=== Study material ===

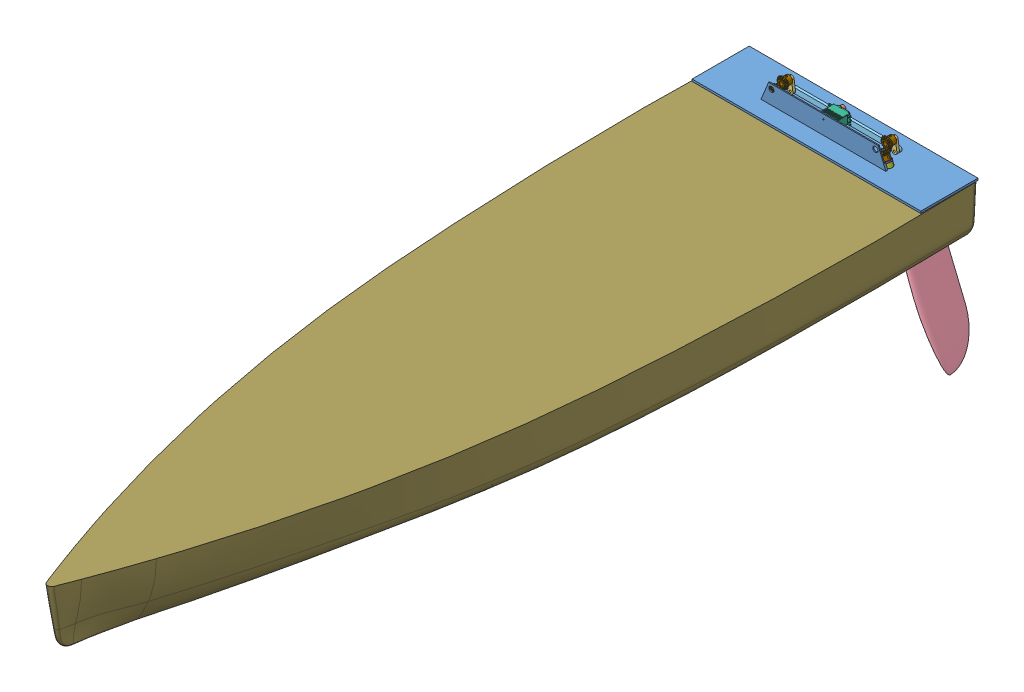
SolidWorks assembly TwinRudderGeared, configuration Default. Lengths in mm.
Overall size (604.98 418.7 2000.22).
26 component instances, 12 part files, 87 mates.
Components (placement in the parent):
- GearedRudderDeck-1: GearedRudderDeck [Default] at (2.3259 -15.0275 70.4463) size (558.8 50.27 139.7)
- RudderServoHorn-1: RudderServoHorn [Default] at (2.3259 23.8306 49.7453) x (-0.989685 -0.143258 0) z (-0.143258 0.989685 0) size (12.7 6.35 36.7)
- RudderOutputLink-1: RudderOutputLink [Default] at (132.7641 0.0782 56.0953) x (-0.989685 -0.143258 0) z (0.143258 -0.989685 0) size (12.7 6.35 36.7)
- RudderOutputLink-2: RudderOutputLink [Default] at (-121.2359 0.0782 56.0953) x (-0.989685 -0.143258 0) z (0.143258 -0.989685 0) size (12.7 6.35 36.7)
- AssembledRudder-1: AssembledRudder [Default] at (201.0121 -149.2351 105.3713) x (0 0 -1) z (0.382683 -0.92388 0) size (103.98 13.17 228.65)
  - Rudder-1: Rudder [Default] at (-3.175 0 19.05) size (103.98 13.17 228.65)
- AssembledRudder-2: AssembledRudder [Default] at (-196.3602 -149.2351 105.3713) x (0 0 -1) z (-0.382683 -0.92388 0) size (103.98 13.17 228.65)
  - Rudder-1: Rudder [Default] at (-3.175 0 19.05) size (103.98 13.17 228.65)
- GearedRudderCouplerLink-2: GearedRudderCouplerLink [Default] at (69.2641 0.0782 49.7453) x (-1 0 0) z (0 -1 0) size (139.7 6.35 12.7)
- GearedRudderCouplerLink-3: GearedRudderCouplerLink [Default] at (-57.7359 0.0782 43.3953) x (1 0 0) z (0 -1 0) size (139.7 6.35 12.7)
- small rudder servo-1: small rudder servo [Default] at (-7.9241 34.0806 96.6653) x (1 0 0) z (0 1 0) size (61.75 42.9 20.5)
- GearedRudderTube-1: GearedRudderTube [Default] at (206.4797 -162.435 83.1463) x (0.616642 0.255421 -0.744656) z (0.687973 0.284968 0.667448) size (21.34 171.45 21.34)
- GearedRudderTube-2: GearedRudderTube [Default] at (-201.8278 -162.435 83.1463) x (-0.027118 0.011233 0.999569) z (-0.923481 0.382519 -0.029353) size (21.34 171.45 21.34)
- 6362K215_WATER-RESISTANT DRY-RUNNING SLEEVE BRNG-1: 6362K215_WATER-RESISTANT DRY-RUNNING SLEEVE BRNG [6362K215] at (139.6536 -1.1026 83.1463) x (-0.773443 -0.320371 -0.546944) z (-0.50531 -0.209306 0.837169) size (22.23 12.7 22.23)
- 6362K215_WATER-RESISTANT DRY-RUNNING SLEEVE BRNG-2: 6362K215_WATER-RESISTANT DRY-RUNNING SLEEVE BRNG [6362K215] at (-203.0429 -165.3684 83.1463) x (0.92388 -0.382683 0) z (0 0 1) size (22.23 12.7 22.23)
- 6362K215_WATER-RESISTANT DRY-RUNNING SLEEVE BRNG-3: 6362K215_WATER-RESISTANT DRY-RUNNING SLEEVE BRNG [6362K215] at (-135.0017 -1.1026 83.1463) x (0.773443 -0.320371 0.546944) z (0.50531 -0.209306 -0.837169) size (22.23 12.7 22.23)
- 6362K215_WATER-RESISTANT DRY-RUNNING SLEEVE BRNG-4: 6362K215_WATER-RESISTANT DRY-RUNNING SLEEVE BRNG [6362K215] at (207.6947 -165.3684 83.1463) x (0.92388 0.382683 0) z (0 0 1) size (22.23 12.7 22.23)
- 7297K180_PLASTIC GEAR FOR 90 DEG MOTION TRANSFER-1: 7297K180_PLASTIC GEAR FOR 90 DEG MOTION TRANSFER [7297K18] at (129.3259 23.8306 65.6203) x (-0.99972 -0.02367 0) z (-0.02367 0.99972 0) size (27.72 19.13 27.72)
- 7297K180_PLASTIC GEAR FOR 90 DEG MOTION TRANSFER-2: 7297K180_PLASTIC GEAR FOR 90 DEG MOTION TRANSFER [7297K18] at (136.0085 7.6974 83.1463) x (0 0 1) z (-0.92388 -0.382683 0) size (27.72 19.13 27.72)
- 7297K180_PLASTIC GEAR FOR 90 DEG MOTION TRANSFER-3: 7297K180_PLASTIC GEAR FOR 90 DEG MOTION TRANSFER [7297K18] at (-124.6741 23.8306 65.6203) x (-0.999678 0.02536 0) z (0.02536 0.999678 0) size (27.72 19.13 27.72)
- 7297K180_PLASTIC GEAR FOR 90 DEG MOTION TRANSFER-4: 7297K180_PLASTIC GEAR FOR 90 DEG MOTION TRANSFER [7297K18] at (-131.3567 7.6974 83.1463) x (0 0 -1) z (0.92388 -0.382683 0) size (27.72 19.13 27.72)
- GearedRudderShaft-1: GearedRudderShaft [Default] at (213.1623 -178.5683 83.1463) x (-0.92388 -0.382683 0) z (0 0 -1) size (9.53 211.14 9.53)
- GearedRudderShaft-2: GearedRudderShaft [Default] at (-208.5104 -178.5683 83.1463) x (-0.92388 0.382683 0) z (0 0 -1) size (9.53 211.14 9.53)
- RudderDrivePlate-1: RudderDrivePlate [Default] at (213.4661 -179.3016 79.9713) x (0 0 -1) z (0.92388 0.382683 0) size (25.4 23.81 3.17)
- RudderDrivePlate-2: RudderDrivePlate [Default] at (-208.8142 -179.3016 79.9713) x (0 0 -1) z (0.92388 -0.382683 0) size (25.4 23.81 3.17)
- Hull 9-1: Hull 9 [Default] at (2.5961 -15.0275 0.5963) size (596.04 203.22 2000.22)
Mates (geometry in assembly coordinates):
- Concentric124: concentric aligned: cylinder of ? through (88.9494 -69.6283 82.55) axis (0.382683 -0.92388 0) radius 9.525; cylinder of ? through (83.1173 -55.5484 82.55) axis (0.382683 -0.92388 0) radius 5.5563
- Concentric125: concentric aligned: cylinder of ? through (85.8684 -62.6566 72.5186) axis (0.016434 0.006807 0.999842) radius 1.5602; cylinder of ? through (86.1246 -62.5505 88.1054) axis (0.016434 0.006807 0.999842) radius 1.524
- Concentric126: concentric aligned: cylinder of ? through (-88.9494 -69.6283 82.55) axis (-0.382683 -0.92388 0) radius 9.525; cylinder of ? through (-83.1173 -55.5484 82.55) axis (-0.382683 -0.92388 0) radius 5.5563
- Concentric127: concentric aligned: cylinder of ? through (-85.8684 -62.6566 92.5814) axis (-0.016434 0.006807 -0.999842) radius 1.5602; cylinder of ? through (-86.1246 -62.5505 76.9946) axis (-0.016434 0.006807 -0.999842) radius 1.524
- Concentric130: concentric anti-aligned: cylinder of ? through (125.886 -158.8011 82.55) axis (-0.382683 0.92388 0) radius 5.5563; cylinder of ? through (83.1173 -55.5484 82.55) axis (0.382683 -0.92388 0) radius 5.5563
- Concentric131: concentric aligned: cylinder of ? through (123.8212 -152.7832 104.7715) axis (0.016434 0.006807 0.999842) radius 2.1526; cylinder of ? through (123.5472 -152.8967 88.1054) axis (0.016434 0.006807 0.999842) radius 1.524
- Concentric132: concentric anti-aligned: cylinder of ? through (-83.1173 -55.5484 82.55) axis (-0.382683 -0.92388 0) radius 5.5563; cylinder of ? through (-125.886 -158.8011 82.55) axis (0.382683 0.92388 0) radius 5.5563
- Concentric133: concentric anti-aligned: cylinder of ? through (-123.5472 -152.8967 76.9946) axis (-0.016434 0.006807 -0.999842) radius 1.524; cylinder of ? through (-123.0907 -153.0858 104.7715) axis (0.016434 -0.006807 0.999842) radius 2.1526
- Concentric134: concentric aligned: cylinder of ? through (79.375 26.7653 82.55) axis (0 -1 0) radius 5.5563; cylinder of RudderOutputLink-1 through (79.375 25.1777 82.55) axis (0 -1 0) radius 9.525
- Concentric135: concentric anti-aligned: cylinder of ? through (73.8198 22.0028 82.657) axis (-0.999815 0 0.019253) radius 1.524; cylinder of RudderOutputLink-1 through (88.8982 22.0028 82.3666) axis (0.999815 0 -0.019253) radius 1.8288
- Concentric136: concentric aligned: cylinder of ? through (-79.375 26.7653 82.55) axis (0 -1 0) radius 5.5563; cylinder of RudderOutputLink-2 through (-79.375 25.1777 82.55) axis (0 -1 0) radius 9.525
- Concentric137: concentric aligned: cylinder of ? through (-73.8198 22.0028 82.443) axis (0.999815 0 -0.019253) radius 1.524; cylinder of RudderOutputLink-2 through (-69.8518 22.0028 82.3666) axis (0.999815 0 -0.019253) radius 1.8288
- Concentric139: concentric aligned: circle of RudderOutputLink-1; cylinder of GearedRudderCouplerLink-2 through (132.7641 0.0782 43.3953) axis (0 0 -1) radius 2.3813
- Coincident56: coincident anti-aligned: plane of GearedRudderDeck-1 through (0 5.08 69.85) normal (0 1 0); plane of ? through (20.5008 5.08 69.55) normal (0 -1 0)
- Coincident57: coincident anti-aligned: plane of GearedRudderDeck-1 through (14.0008 0 67.55) normal (0 0 1); plane of ? through (-58.4992 10.08 67.55) normal (0 0 -1)
- Coincident59: coincident anti-aligned: plane of GearedRudderDeck-1 through (14.0008 0 67.55) normal (-1 0 0); plane of ? through (14.0008 -35.92 97.05) normal (1 0 0)
- Coincident60: coincident aligned: line of GearedRudderDeck-1 through (-177.8 5.08 139.7) axis (1 0 0); line of ? through (-177.8 5.08 139.7) axis (1 0 0)
- Coincident61: coincident anti-aligned: line of GearedRudderDeck-1 through (177.8 5.08 139.7) axis (0 0 -1); line of ? through (177.8 5.08 139.7) axis (0 0 1)
- Concentric146: concentric aligned: cylinder of RudderServoHorn-1 through (0.0008 31.5278 82.55) axis (0 1 0) radius 3.175; circle of ?
- Coincident65: coincident anti-aligned: circle of GearedRudderCouplerLink-2; circle of GearedRudderCouplerLink-3
- Concentric147: concentric anti-aligned: cylinder of RudderOutputLink-2 through (-121.2359 0.0782 49.7453) axis (0 0 -1) radius 2.3813; cylinder of GearedRudderCouplerLink-3 through (-121.2359 0.0782 49.7453) axis (0 0 1) radius 2.3813
- Concentric148: concentric aligned: cylinder of RudderServoHorn-1 through (5.7641 0.0782 56.0953) axis (0 0 1) radius 2.0193; cylinder of GearedRudderCouplerLink-3 through (5.7641 0.0782 49.7453) axis (0 0 1) radius 2.0193
- Concentric150: concentric aligned: cylinder of RudderServoHorn-1 through (2.3259 23.8306 56.0953) axis (0 0 -1) radius 3.175; circle of small rudder servo-1
- Coincident70: coincident anti-aligned: plane of RudderServoHorn-1 through (5.7641 0.0782 49.7453) normal (0 0 -1); plane of GearedRudderCouplerLink-2 through (132.7641 0.0782 49.7453) normal (0 0 1)
- Coincident71: coincident anti-aligned: plane of small rudder servo-1; plane of ? through (9.875 22.6421 104.8) normal (0 1 0)
- Concentric151: concentric aligned: cylinder of small rudder servo-1 through (-15.175 22.7421 77.3) axis (0 1 0) radius 2.25; cylinder of ? through (-15.175 22.6421 77.3) axis (0 1 0) radius 1.1906
- Concentric152: concentric aligned: cylinder of small rudder servo-1 through (34.925 22.7421 77.3) axis (0 1 0) radius 2.25; cylinder of ? through (34.925 22.6421 77.3) axis (0 1 0) radius 1.1906
- Coincident72: coincident aligned: line of ? through (14.6375 22.6421 99.72) axis (-1 0 0); line of ? through (14.6375 22.6421 99.72) axis (-1 0 0)
- Coincident73: coincident anti-aligned: line of ? through (14.6375 22.6421 104.8) axis (0 0 -1); line of ? through (14.6375 22.6421 99.72) axis (0 0 1)
- Coincident74: coincident aligned: line of ? through (39.72 22.6421 73.05) axis (0 0 1); line of ? through (39.72 22.6421 73.05) axis (0 0 1)
- Coincident75: coincident anti-aligned: line of ? through (39.72 22.6421 82.575) axis (1 0 0); line of ? through (44.8 22.6421 82.575) axis (-1 0 0)
- Coincident76: coincident anti-aligned: line of ? through (-19.97 22.6421 82.575) axis (0 0 -1); line of ? through (-19.97 22.6421 73.05) axis (0 0 1)
- Coincident77: coincident anti-aligned: line of ? through (-25.05 22.6421 82.575) axis (1 0 0); line of ? through (-19.97 22.6421 82.575) axis (-1 0 0)
- Concentric153: concentric aligned: cylinder of GearedRudderDeck-1 through (102.8166 -25.4 82.55) axis (-0.382683 0.92388 0) radius 10.668; cylinder of ? through (152.1387 -144.4742 82.55) axis (-0.382683 0.92388 0) radius 5.5563
- Concentric154: concentric anti-aligned: cylinder of GearedRudderDeck-1 through (10.8798 249.0874 82.55) axis (-0.382683 -0.92388 0) radius 10.668; cylinder of ? through (-152.1387 -144.4742 82.55) axis (0.382683 0.92388 0) radius 5.5563
- Concentric155: concentric anti-aligned: circle of GearedRudderTube-1; circle of 6362K215_WATER-RESISTANT DRY-RUNNING SLEEVE BRNG-1
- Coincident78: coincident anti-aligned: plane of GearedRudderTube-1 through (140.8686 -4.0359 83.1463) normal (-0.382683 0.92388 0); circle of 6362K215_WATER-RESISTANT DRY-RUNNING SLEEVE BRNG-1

===

What you will do
A verbatim copy of the records is expected, from their first line through the line with "- RudderOutputLink-1: RudderOutputLink", inclusive, with the pictures removed.

Solved problem
SolidWorks assembly TwinRudderGeared, configuration Default. Lengths in mm.
Overall size (604.98 418.7 2000.22).
26 component instances, 12 part files, 87 mates.
Components (placement in the parent):
- GearedRudderDeck-1: GearedRudderDeck [Default] at (2.3259 -15.0275 70.4463) size (558.8 50.27 139.7)
- RudderServoHorn-1: RudderServoHorn [Default] at (2.3259 23.8306 49.7453) x (-0.989685 -0.143258 0) z (-0.143258 0.989685 0) size (12.7 6.35 36.7)
- RudderOutputLink-1: RudderOutputLink [Default] at (132.7641 0.0782 56.0953) x (-0.989685 -0.143258 0) z (0.143258 -0.989685 0) size (12.7 6.35 36.7)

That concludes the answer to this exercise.